Only one stretch of the records below is wanted: the lines from the one holding "#113=ORIENTED_EDGE('',*,*,#112,.T.);" through the one holding "#131=AXIS2_PLACEMENT_3D('',#128,#129,#130);". Return it exactly, both ends included.

⁂

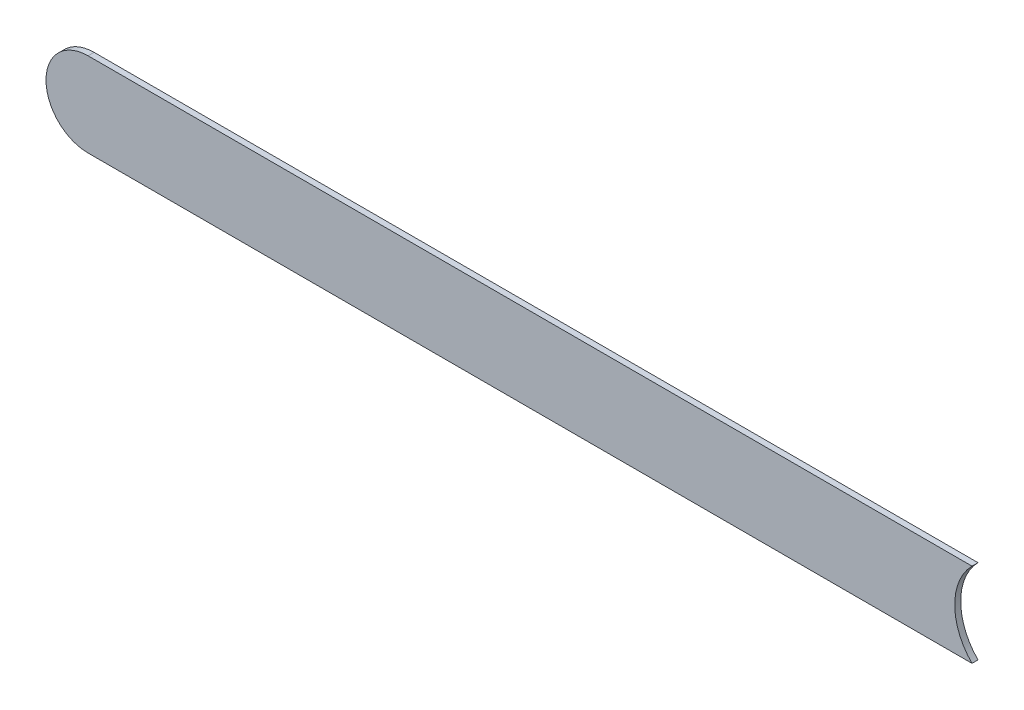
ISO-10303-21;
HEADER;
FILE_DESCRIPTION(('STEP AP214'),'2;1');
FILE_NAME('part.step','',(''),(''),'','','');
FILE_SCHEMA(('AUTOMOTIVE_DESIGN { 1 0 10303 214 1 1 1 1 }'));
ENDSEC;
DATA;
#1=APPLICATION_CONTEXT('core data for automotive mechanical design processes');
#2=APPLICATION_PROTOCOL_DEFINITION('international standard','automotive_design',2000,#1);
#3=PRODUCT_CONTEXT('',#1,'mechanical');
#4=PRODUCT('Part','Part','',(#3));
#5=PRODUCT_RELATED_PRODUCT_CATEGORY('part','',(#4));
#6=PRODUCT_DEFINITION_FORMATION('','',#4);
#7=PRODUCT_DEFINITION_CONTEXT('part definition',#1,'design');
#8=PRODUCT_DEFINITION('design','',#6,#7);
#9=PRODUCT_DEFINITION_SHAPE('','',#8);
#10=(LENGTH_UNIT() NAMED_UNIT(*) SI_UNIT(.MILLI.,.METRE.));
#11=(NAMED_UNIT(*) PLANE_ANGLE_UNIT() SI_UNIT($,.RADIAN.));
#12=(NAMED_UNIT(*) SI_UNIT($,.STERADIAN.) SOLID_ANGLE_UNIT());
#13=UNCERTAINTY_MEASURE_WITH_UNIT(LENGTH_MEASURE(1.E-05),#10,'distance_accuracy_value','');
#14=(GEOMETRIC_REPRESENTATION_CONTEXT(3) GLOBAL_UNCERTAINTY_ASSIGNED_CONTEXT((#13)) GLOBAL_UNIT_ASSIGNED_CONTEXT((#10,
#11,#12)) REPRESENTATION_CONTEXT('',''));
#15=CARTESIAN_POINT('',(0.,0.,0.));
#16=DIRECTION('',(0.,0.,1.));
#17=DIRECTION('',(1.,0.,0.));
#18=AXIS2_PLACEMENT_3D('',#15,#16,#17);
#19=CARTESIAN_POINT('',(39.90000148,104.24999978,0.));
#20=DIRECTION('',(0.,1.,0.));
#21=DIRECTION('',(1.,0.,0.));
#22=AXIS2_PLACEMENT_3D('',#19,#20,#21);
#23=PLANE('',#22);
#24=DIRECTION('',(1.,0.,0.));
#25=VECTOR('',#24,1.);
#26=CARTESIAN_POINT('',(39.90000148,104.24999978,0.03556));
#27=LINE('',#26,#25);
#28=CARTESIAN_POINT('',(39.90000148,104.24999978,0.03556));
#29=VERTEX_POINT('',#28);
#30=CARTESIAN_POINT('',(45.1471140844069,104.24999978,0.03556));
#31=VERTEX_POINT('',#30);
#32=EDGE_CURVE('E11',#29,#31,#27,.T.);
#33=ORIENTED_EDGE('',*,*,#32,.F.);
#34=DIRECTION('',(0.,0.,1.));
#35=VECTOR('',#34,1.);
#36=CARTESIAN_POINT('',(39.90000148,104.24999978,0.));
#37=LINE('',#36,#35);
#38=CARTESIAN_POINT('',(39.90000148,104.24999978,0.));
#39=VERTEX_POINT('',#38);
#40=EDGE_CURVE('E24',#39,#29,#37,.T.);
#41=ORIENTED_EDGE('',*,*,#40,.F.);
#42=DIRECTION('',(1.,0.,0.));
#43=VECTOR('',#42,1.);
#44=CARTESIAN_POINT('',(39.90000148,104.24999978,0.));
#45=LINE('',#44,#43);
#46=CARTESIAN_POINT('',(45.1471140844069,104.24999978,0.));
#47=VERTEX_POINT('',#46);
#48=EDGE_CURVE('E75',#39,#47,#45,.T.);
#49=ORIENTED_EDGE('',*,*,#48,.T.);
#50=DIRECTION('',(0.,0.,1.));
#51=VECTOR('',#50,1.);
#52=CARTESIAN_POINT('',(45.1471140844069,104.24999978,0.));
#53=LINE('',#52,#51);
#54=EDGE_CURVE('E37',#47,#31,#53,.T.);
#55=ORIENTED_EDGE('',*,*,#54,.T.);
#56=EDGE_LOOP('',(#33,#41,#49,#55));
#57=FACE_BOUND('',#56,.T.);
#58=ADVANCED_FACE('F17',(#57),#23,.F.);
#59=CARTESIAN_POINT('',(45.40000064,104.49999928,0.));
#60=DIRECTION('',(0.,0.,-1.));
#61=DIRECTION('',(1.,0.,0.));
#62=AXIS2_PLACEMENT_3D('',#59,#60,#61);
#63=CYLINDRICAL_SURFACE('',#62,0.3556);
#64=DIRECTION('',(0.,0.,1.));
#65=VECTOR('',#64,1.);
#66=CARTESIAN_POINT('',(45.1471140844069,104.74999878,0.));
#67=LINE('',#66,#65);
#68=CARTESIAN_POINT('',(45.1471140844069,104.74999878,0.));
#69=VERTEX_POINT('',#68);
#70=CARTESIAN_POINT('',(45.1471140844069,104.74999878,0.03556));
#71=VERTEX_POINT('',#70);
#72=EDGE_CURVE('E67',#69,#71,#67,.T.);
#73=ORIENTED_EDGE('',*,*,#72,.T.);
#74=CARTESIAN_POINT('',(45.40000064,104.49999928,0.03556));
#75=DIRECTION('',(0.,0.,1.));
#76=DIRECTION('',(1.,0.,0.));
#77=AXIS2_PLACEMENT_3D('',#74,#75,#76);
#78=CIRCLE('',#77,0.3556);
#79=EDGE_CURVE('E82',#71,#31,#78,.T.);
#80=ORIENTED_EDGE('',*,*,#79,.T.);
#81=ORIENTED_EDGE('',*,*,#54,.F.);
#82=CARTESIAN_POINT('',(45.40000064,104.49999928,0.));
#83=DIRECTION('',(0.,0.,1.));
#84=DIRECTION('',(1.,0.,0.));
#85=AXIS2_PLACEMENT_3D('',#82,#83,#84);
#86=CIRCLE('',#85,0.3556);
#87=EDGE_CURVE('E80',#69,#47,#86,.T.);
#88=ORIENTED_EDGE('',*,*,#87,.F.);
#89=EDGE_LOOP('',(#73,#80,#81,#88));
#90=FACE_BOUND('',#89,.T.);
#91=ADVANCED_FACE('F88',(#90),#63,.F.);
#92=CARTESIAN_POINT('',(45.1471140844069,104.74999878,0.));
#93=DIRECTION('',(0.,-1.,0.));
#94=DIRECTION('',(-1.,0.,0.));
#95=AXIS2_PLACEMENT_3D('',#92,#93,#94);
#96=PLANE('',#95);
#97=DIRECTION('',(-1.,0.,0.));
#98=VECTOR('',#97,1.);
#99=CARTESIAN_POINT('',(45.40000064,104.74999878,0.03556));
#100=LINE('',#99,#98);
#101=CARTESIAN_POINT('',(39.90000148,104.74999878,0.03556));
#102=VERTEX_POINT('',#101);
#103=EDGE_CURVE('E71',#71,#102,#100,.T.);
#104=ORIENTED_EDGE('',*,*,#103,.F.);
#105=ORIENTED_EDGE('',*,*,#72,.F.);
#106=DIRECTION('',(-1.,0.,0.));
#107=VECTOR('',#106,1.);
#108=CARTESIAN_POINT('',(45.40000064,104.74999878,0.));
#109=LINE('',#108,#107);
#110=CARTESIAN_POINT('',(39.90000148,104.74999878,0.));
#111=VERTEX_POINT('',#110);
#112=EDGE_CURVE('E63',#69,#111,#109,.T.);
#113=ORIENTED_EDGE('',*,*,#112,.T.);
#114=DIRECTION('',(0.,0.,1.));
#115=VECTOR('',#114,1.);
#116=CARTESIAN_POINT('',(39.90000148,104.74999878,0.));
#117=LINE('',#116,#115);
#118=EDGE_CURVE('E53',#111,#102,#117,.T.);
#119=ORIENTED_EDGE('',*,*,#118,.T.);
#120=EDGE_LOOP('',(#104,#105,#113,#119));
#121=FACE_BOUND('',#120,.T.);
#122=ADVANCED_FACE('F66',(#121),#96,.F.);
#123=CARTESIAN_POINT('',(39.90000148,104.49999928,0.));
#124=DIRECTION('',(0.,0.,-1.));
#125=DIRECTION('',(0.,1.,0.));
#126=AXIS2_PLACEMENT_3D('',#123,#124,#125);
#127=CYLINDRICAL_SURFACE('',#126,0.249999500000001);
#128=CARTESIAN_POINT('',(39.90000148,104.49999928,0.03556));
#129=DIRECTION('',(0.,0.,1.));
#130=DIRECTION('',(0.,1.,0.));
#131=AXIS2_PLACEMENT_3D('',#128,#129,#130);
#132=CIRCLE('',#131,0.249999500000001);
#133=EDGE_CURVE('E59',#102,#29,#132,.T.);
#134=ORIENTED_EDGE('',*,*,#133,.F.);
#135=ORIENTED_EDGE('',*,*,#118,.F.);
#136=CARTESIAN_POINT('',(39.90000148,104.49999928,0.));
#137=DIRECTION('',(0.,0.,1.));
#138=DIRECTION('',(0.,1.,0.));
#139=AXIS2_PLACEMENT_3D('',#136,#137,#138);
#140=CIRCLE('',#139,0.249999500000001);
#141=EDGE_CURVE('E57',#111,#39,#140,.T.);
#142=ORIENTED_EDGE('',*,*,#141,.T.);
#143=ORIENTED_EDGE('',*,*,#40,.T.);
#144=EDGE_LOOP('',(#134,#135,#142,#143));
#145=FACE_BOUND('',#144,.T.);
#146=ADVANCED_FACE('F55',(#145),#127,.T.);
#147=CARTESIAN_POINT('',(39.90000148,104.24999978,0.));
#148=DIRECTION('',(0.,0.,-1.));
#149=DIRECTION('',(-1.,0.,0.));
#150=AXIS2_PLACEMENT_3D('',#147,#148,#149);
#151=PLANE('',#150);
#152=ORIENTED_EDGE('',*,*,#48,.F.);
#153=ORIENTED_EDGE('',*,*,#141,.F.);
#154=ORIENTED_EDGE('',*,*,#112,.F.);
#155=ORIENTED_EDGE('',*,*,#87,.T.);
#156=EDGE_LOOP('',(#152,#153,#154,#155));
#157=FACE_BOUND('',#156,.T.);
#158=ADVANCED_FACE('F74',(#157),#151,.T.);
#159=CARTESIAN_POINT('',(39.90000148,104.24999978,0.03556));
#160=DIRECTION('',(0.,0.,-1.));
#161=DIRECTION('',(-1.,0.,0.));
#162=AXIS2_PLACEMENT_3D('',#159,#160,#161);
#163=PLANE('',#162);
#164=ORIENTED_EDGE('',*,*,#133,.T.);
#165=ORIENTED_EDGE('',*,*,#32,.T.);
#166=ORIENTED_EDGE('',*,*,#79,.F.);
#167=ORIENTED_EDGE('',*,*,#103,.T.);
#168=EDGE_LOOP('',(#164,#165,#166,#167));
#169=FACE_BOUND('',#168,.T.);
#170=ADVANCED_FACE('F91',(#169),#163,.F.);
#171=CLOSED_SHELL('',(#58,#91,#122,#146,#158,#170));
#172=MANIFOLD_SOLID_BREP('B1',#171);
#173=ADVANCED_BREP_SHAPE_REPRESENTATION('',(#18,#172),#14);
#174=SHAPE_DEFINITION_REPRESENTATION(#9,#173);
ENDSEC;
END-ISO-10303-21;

⁂

[Reply to the task]
#113=ORIENTED_EDGE('',*,*,#112,.T.);
#114=DIRECTION('',(0.,0.,1.));
#115=VECTOR('',#114,1.);
#116=CARTESIAN_POINT('',(39.90000148,104.74999878,0.));
#117=LINE('',#116,#115);
#118=EDGE_CURVE('E53',#111,#102,#117,.T.);
#119=ORIENTED_EDGE('',*,*,#118,.T.);
#120=EDGE_LOOP('',(#104,#105,#113,#119));
#121=FACE_BOUND('',#120,.T.);
#122=ADVANCED_FACE('F66',(#121),#96,.F.);
#123=CARTESIAN_POINT('',(39.90000148,104.49999928,0.));
#124=DIRECTION('',(0.,0.,-1.));
#125=DIRECTION('',(0.,1.,0.));
#126=AXIS2_PLACEMENT_3D('',#123,#124,#125);
#127=CYLINDRICAL_SURFACE('',#126,0.249999500000001);
#128=CARTESIAN_POINT('',(39.90000148,104.49999928,0.03556));
#129=DIRECTION('',(0.,0.,1.));
#130=DIRECTION('',(0.,1.,0.));
#131=AXIS2_PLACEMENT_3D('',#128,#129,#130);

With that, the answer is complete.